--- INFORMATION GIVEN Enclosed Below ---
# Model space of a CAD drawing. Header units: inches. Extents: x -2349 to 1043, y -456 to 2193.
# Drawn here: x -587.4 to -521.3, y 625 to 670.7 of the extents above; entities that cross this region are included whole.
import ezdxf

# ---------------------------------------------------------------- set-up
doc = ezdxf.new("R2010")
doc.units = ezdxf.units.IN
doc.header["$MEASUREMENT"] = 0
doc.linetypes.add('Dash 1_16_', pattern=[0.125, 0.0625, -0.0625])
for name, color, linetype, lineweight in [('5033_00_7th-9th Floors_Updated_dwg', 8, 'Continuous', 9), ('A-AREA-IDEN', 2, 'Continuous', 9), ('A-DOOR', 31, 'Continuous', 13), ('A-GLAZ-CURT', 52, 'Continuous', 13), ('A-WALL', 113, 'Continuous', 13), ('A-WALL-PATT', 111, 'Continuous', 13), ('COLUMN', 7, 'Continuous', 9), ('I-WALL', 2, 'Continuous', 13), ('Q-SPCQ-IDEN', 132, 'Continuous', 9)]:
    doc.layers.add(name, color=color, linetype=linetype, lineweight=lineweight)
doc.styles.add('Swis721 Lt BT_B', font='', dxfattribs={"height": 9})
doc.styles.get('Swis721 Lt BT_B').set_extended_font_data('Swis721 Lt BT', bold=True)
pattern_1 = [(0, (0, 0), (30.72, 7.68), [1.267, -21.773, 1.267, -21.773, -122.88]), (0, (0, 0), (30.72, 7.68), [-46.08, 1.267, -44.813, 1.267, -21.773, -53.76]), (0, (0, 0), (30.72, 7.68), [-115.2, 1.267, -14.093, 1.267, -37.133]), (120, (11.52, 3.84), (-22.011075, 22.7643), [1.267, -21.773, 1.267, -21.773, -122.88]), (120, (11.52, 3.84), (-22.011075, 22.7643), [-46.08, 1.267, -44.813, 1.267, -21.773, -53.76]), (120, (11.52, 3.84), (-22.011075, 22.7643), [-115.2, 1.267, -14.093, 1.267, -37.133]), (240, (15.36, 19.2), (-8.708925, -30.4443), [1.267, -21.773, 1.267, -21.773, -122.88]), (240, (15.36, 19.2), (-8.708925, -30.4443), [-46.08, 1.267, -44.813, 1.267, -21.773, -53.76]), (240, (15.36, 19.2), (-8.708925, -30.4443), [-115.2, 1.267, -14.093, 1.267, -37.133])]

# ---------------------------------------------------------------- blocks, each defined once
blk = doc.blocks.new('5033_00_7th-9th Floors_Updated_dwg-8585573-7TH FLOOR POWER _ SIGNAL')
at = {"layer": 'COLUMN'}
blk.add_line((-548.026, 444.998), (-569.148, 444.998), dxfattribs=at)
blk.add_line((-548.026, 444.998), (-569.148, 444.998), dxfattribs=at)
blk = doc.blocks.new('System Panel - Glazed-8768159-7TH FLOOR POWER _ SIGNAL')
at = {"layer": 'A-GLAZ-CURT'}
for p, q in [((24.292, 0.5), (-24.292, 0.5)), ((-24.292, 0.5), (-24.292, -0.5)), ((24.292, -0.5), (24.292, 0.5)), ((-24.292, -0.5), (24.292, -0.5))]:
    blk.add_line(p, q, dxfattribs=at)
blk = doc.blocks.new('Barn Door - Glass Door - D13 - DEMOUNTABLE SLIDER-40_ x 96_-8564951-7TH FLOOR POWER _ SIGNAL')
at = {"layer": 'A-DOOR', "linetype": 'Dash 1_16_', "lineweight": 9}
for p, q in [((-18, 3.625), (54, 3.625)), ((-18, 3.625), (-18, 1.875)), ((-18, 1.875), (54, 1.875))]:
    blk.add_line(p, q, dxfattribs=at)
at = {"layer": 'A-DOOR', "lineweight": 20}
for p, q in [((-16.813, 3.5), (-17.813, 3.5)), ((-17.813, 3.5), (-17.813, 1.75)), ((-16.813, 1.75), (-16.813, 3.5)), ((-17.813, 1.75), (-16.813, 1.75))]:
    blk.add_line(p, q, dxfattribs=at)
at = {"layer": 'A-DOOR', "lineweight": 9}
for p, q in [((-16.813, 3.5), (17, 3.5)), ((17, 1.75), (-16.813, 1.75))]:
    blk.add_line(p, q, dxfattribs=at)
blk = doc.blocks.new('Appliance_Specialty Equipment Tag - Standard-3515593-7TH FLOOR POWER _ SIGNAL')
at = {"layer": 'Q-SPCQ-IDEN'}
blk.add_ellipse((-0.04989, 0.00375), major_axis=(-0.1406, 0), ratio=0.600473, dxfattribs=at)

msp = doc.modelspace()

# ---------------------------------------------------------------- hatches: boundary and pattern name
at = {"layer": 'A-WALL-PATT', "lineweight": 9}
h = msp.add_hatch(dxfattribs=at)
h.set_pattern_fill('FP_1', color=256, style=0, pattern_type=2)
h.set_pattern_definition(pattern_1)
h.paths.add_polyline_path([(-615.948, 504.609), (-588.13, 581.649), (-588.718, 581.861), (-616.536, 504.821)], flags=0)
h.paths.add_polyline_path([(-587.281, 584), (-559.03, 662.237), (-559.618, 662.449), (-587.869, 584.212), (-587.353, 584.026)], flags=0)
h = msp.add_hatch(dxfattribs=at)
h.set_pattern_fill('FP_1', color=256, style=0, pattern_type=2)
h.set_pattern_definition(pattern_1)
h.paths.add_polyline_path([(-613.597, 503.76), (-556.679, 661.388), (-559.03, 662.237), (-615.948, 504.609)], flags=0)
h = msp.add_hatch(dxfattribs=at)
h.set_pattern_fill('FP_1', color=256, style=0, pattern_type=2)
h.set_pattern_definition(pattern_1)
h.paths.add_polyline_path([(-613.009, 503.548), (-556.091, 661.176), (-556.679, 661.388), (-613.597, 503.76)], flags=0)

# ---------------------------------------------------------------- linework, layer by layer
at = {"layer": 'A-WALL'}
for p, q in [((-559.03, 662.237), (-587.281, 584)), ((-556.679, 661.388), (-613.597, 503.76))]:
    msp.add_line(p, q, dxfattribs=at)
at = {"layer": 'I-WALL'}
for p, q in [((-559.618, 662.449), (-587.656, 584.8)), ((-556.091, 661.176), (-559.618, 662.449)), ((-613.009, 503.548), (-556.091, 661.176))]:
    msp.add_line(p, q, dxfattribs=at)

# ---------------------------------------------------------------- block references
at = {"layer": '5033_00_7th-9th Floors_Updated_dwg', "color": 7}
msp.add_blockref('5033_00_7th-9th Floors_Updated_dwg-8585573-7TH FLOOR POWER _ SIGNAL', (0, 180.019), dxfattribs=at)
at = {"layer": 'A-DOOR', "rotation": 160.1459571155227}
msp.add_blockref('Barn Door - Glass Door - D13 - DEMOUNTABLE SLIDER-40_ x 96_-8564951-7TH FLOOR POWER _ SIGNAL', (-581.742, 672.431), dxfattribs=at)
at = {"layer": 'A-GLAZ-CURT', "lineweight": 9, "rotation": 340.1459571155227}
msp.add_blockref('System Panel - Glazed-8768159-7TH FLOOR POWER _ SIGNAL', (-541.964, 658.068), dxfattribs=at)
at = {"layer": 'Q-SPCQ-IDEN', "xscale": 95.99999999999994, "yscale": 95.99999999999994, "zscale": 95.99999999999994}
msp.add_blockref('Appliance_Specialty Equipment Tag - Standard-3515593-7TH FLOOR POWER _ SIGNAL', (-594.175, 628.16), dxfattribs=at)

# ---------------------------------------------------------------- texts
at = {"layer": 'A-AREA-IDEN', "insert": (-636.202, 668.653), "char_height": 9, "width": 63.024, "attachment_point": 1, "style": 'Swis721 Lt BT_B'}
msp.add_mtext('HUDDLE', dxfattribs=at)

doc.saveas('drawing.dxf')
--- End of Enclosed INFORMATION GIVEN ---
> _WHAT THE TASK REQUIRES_
Give back every line above, unchanged.

> _EXERCISE ANSWER_
# Model space of a CAD drawing. Header units: inches. Extents: x -2349 to 1043, y -456 to 2193.
# Drawn here: x -587.4 to -521.3, y 625 to 670.7 of the extents above; entities that cross this region are included whole.
import ezdxf

# ---------------------------------------------------------------- set-up
doc = ezdxf.new("R2010")
doc.units = ezdxf.units.IN
doc.header["$MEASUREMENT"] = 0
doc.linetypes.add('Dash 1_16_', pattern=[0.125, 0.0625, -0.0625])
for name, color, linetype, lineweight in [('5033_00_7th-9th Floors_Updated_dwg', 8, 'Continuous', 9), ('A-AREA-IDEN', 2, 'Continuous', 9), ('A-DOOR', 31, 'Continuous', 13), ('A-GLAZ-CURT', 52, 'Continuous', 13), ('A-WALL', 113, 'Continuous', 13), ('A-WALL-PATT', 111, 'Continuous', 13), ('COLUMN', 7, 'Continuous', 9), ('I-WALL', 2, 'Continuous', 13), ('Q-SPCQ-IDEN', 132, 'Continuous', 9)]:
    doc.layers.add(name, color=color, linetype=linetype, lineweight=lineweight)
doc.styles.add('Swis721 Lt BT_B', font='', dxfattribs={"height": 9})
doc.styles.get('Swis721 Lt BT_B').set_extended_font_data('Swis721 Lt BT', bold=True)
pattern_1 = [(0, (0, 0), (30.72, 7.68), [1.267, -21.773, 1.267, -21.773, -122.88]), (0, (0, 0), (30.72, 7.68), [-46.08, 1.267, -44.813, 1.267, -21.773, -53.76]), (0, (0, 0), (30.72, 7.68), [-115.2, 1.267, -14.093, 1.267, -37.133]), (120, (11.52, 3.84), (-22.011075, 22.7643), [1.267, -21.773, 1.267, -21.773, -122.88]), (120, (11.52, 3.84), (-22.011075, 22.7643), [-46.08, 1.267, -44.813, 1.267, -21.773, -53.76]), (120, (11.52, 3.84), (-22.011075, 22.7643), [-115.2, 1.267, -14.093, 1.267, -37.133]), (240, (15.36, 19.2), (-8.708925, -30.4443), [1.267, -21.773, 1.267, -21.773, -122.88]), (240, (15.36, 19.2), (-8.708925, -30.4443), [-46.08, 1.267, -44.813, 1.267, -21.773, -53.76]), (240, (15.36, 19.2), (-8.708925, -30.4443), [-115.2, 1.267, -14.093, 1.267, -37.133])]

# ---------------------------------------------------------------- blocks, each defined once
blk = doc.blocks.new('5033_00_7th-9th Floors_Updated_dwg-8585573-7TH FLOOR POWER _ SIGNAL')
at = {"layer": 'COLUMN'}
blk.add_line((-548.026, 444.998), (-569.148, 444.998), dxfattribs=at)
blk.add_line((-548.026, 444.998), (-569.148, 444.998), dxfattribs=at)
blk = doc.blocks.new('System Panel - Glazed-8768159-7TH FLOOR POWER _ SIGNAL')
at = {"layer": 'A-GLAZ-CURT'}
for p, q in [((24.292, 0.5), (-24.292, 0.5)), ((-24.292, 0.5), (-24.292, -0.5)), ((24.292, -0.5), (24.292, 0.5)), ((-24.292, -0.5), (24.292, -0.5))]:
    blk.add_line(p, q, dxfattribs=at)
blk = doc.blocks.new('Barn Door - Glass Door - D13 - DEMOUNTABLE SLIDER-40_ x 96_-8564951-7TH FLOOR POWER _ SIGNAL')
at = {"layer": 'A-DOOR', "linetype": 'Dash 1_16_', "lineweight": 9}
for p, q in [((-18, 3.625), (54, 3.625)), ((-18, 3.625), (-18, 1.875)), ((-18, 1.875), (54, 1.875))]:
    blk.add_line(p, q, dxfattribs=at)
at = {"layer": 'A-DOOR', "lineweight": 20}
for p, q in [((-16.813, 3.5), (-17.813, 3.5)), ((-17.813, 3.5), (-17.813, 1.75)), ((-16.813, 1.75), (-16.813, 3.5)), ((-17.813, 1.75), (-16.813, 1.75))]:
    blk.add_line(p, q, dxfattribs=at)
at = {"layer": 'A-DOOR', "lineweight": 9}
for p, q in [((-16.813, 3.5), (17, 3.5)), ((17, 1.75), (-16.813, 1.75))]:
    blk.add_line(p, q, dxfattribs=at)
blk = doc.blocks.new('Appliance_Specialty Equipment Tag - Standard-3515593-7TH FLOOR POWER _ SIGNAL')
at = {"layer": 'Q-SPCQ-IDEN'}
blk.add_ellipse((-0.04989, 0.00375), major_axis=(-0.1406, 0), ratio=0.600473, dxfattribs=at)

msp = doc.modelspace()

# ---------------------------------------------------------------- hatches: boundary and pattern name
at = {"layer": 'A-WALL-PATT', "lineweight": 9}
h = msp.add_hatch(dxfattribs=at)
h.set_pattern_fill('FP_1', color=256, style=0, pattern_type=2)
h.set_pattern_definition(pattern_1)
h.paths.add_polyline_path([(-615.948, 504.609), (-588.13, 581.649), (-588.718, 581.861), (-616.536, 504.821)], flags=0)
h.paths.add_polyline_path([(-587.281, 584), (-559.03, 662.237), (-559.618, 662.449), (-587.869, 584.212), (-587.353, 584.026)], flags=0)
h = msp.add_hatch(dxfattribs=at)
h.set_pattern_fill('FP_1', color=256, style=0, pattern_type=2)
h.set_pattern_definition(pattern_1)
h.paths.add_polyline_path([(-613.597, 503.76), (-556.679, 661.388), (-559.03, 662.237), (-615.948, 504.609)], flags=0)
h = msp.add_hatch(dxfattribs=at)
h.set_pattern_fill('FP_1', color=256, style=0, pattern_type=2)
h.set_pattern_definition(pattern_1)
h.paths.add_polyline_path([(-613.009, 503.548), (-556.091, 661.176), (-556.679, 661.388), (-613.597, 503.76)], flags=0)

# ---------------------------------------------------------------- linework, layer by layer
at = {"layer": 'A-WALL'}
for p, q in [((-559.03, 662.237), (-587.281, 584)), ((-556.679, 661.388), (-613.597, 503.76))]:
    msp.add_line(p, q, dxfattribs=at)
at = {"layer": 'I-WALL'}
for p, q in [((-559.618, 662.449), (-587.656, 584.8)), ((-556.091, 661.176), (-559.618, 662.449)), ((-613.009, 503.548), (-556.091, 661.176))]:
    msp.add_line(p, q, dxfattribs=at)

# ---------------------------------------------------------------- block references
at = {"layer": '5033_00_7th-9th Floors_Updated_dwg', "color": 7}
msp.add_blockref('5033_00_7th-9th Floors_Updated_dwg-8585573-7TH FLOOR POWER _ SIGNAL', (0, 180.019), dxfattribs=at)
at = {"layer": 'A-DOOR', "rotation": 160.1459571155227}
msp.add_blockref('Barn Door - Glass Door - D13 - DEMOUNTABLE SLIDER-40_ x 96_-8564951-7TH FLOOR POWER _ SIGNAL', (-581.742, 672.431), dxfattribs=at)
at = {"layer": 'A-GLAZ-CURT', "lineweight": 9, "rotation": 340.1459571155227}
msp.add_blockref('System Panel - Glazed-8768159-7TH FLOOR POWER _ SIGNAL', (-541.964, 658.068), dxfattribs=at)
at = {"layer": 'Q-SPCQ-IDEN', "xscale": 95.99999999999994, "yscale": 95.99999999999994, "zscale": 95.99999999999994}
msp.add_blockref('Appliance_Specialty Equipment Tag - Standard-3515593-7TH FLOOR POWER _ SIGNAL', (-594.175, 628.16), dxfattribs=at)

# ---------------------------------------------------------------- texts
at = {"layer": 'A-AREA-IDEN', "insert": (-636.202, 668.653), "char_height": 9, "width": 63.024, "attachment_point": 1, "style": 'Swis721 Lt BT_B'}
msp.add_mtext('HUDDLE', dxfattribs=at)

doc.saveas('drawing.dxf')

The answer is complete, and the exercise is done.